Better than the usual "same angle as the back of the seat" install...  

Keep up the great work and pics...
You guys have such different cars to we have here in Australia, so it's good to see new ways of doing things.

Mark


----------



## rimshot (May 17, 2005)

The Aura amp to run the tweets came in today. Im off to install it now so I can start tuning. Looks like a very solid design, cant wait to hear it along with the full system!


----------



## circa40 (Jan 20, 2008)

interesting screwdriver you got there 

Nice amp too


----------



## alphakenny1 (Dec 21, 2005)

hey man! Great work, can't wait to see this on saturday.


----------



## daesonn (Jan 15, 2008)

Damn i forgot abouut screwdrivers like that, my dad usd to have one in his garage i can remember from a long time ago, i bet those are super useful for car installs...


----------



## speakerboy (Oct 2, 2007)

Very nice work for one day. You must have been pretty prepared. Question though: won't the vent whole through the back seat act as a bandpass box, with the back of the drivers sealed, and the front "ported"?


----------



## daesonn (Jan 15, 2008)

i noticed your subs point at a downward angle, is there any reason for that? or is it just to help the box lay flush against the backseats and trunk?


----------



## speakerboy (Oct 2, 2007)

No downward angle, just a rectangular box with a trim piece to flush it against the back of the seats.



rimshot said:


>



Also seen here...



rimshot said:


>


----------



## rimshot (May 17, 2005)

speakerboy said:


> Very nice work for one day. You must have been pretty prepared. Question though: won't the vent whole through the back seat act as a bandpass box, with the back of the drivers sealed, and the front "ported"?

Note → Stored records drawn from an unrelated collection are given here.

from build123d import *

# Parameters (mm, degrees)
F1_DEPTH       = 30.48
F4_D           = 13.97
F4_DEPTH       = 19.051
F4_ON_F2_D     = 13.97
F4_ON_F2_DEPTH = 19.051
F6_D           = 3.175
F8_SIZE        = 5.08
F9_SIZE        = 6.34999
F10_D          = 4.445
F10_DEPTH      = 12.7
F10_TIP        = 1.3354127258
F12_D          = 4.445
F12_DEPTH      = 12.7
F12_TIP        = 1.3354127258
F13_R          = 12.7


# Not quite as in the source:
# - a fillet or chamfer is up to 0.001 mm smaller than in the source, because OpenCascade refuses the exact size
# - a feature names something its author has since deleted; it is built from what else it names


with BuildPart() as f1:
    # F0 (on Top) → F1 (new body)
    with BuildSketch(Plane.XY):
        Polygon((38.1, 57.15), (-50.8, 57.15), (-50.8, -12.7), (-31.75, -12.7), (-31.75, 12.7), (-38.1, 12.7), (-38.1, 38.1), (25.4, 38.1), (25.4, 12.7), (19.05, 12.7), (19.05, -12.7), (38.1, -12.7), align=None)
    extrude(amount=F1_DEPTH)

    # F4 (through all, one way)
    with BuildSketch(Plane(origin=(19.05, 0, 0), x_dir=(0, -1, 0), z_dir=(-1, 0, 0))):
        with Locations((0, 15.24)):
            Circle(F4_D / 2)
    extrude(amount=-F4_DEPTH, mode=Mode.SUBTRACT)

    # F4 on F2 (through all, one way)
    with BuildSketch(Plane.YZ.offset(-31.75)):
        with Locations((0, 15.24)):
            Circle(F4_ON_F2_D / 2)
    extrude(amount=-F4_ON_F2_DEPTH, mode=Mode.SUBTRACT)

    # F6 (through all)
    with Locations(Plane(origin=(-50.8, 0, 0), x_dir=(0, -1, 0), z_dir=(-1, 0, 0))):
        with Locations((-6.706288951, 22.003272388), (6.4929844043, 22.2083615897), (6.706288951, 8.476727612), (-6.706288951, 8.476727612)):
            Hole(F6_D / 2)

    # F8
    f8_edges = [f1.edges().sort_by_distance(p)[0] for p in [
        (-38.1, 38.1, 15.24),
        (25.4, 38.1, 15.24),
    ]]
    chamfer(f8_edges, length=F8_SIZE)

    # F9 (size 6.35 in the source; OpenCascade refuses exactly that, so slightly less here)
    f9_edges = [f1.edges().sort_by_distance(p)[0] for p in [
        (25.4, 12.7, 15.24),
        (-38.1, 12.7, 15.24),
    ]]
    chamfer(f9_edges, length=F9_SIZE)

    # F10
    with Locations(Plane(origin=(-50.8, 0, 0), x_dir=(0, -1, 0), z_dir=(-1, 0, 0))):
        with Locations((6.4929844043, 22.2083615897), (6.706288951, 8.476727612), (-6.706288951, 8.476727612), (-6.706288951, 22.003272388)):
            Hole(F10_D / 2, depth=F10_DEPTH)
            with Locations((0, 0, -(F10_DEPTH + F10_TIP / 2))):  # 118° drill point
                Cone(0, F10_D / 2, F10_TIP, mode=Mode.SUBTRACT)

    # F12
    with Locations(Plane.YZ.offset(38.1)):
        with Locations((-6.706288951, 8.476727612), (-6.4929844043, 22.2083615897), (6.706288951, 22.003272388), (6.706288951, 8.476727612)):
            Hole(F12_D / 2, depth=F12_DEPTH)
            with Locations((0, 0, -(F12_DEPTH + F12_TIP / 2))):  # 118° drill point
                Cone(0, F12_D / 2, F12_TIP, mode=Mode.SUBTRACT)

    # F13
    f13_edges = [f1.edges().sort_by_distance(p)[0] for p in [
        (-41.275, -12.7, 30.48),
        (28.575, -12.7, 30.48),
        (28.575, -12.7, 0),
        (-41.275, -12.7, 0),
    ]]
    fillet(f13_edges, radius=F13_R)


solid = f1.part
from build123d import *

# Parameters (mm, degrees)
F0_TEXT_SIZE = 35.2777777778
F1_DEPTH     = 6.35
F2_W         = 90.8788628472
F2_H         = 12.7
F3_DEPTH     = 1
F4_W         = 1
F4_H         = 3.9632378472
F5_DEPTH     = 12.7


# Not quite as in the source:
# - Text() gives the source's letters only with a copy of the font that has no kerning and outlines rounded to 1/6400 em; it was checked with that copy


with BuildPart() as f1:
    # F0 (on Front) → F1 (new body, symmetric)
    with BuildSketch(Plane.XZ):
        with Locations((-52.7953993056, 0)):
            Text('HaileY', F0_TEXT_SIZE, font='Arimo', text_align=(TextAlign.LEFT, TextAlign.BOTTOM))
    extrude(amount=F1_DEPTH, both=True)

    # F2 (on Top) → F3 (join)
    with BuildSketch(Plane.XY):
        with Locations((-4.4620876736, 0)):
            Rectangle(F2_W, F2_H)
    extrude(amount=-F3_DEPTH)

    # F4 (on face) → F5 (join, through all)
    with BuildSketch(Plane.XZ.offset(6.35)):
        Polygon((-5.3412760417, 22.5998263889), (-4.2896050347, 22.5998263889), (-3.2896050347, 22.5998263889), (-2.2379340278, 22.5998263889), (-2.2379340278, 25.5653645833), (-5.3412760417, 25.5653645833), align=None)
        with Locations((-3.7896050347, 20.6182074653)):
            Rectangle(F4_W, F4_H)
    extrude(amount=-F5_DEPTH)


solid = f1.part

I tested the subs with the seats up and down and could not detect any difference in sound. Its maybe a decibel or two louder with the seat down but its not that noticeable.

As for the subs these soundstream Exact drivers are beyond impressive. I have rarely heard sub bass like this in many of the installs I heard. At first I thought they werent even on until a low note came. Its weird they play very high very cleanly but they still play the lows with the same authority. Best sub I have ever used by far. They could be a tad louder but I couldn't imagine a better sounding sub. I am still in awe, very happy with this setup so far.

I will be adding some small detail work and cleaning up a few things over the next few weeks as things arrive in the mail so please stay posted. I will have more pics as I update things as well.


----------



## ViperVin (Mar 15, 2008)

Great install there.


----------



## Mr Marv (Aug 19, 2005)

Nice!!!  You bringing that bad boy to the BBQ?!


----------



## crux131 (Feb 27, 2007)

Looks great. 
If you have a similar experience with your Aura as I did with mine, you will be pleased with the amp.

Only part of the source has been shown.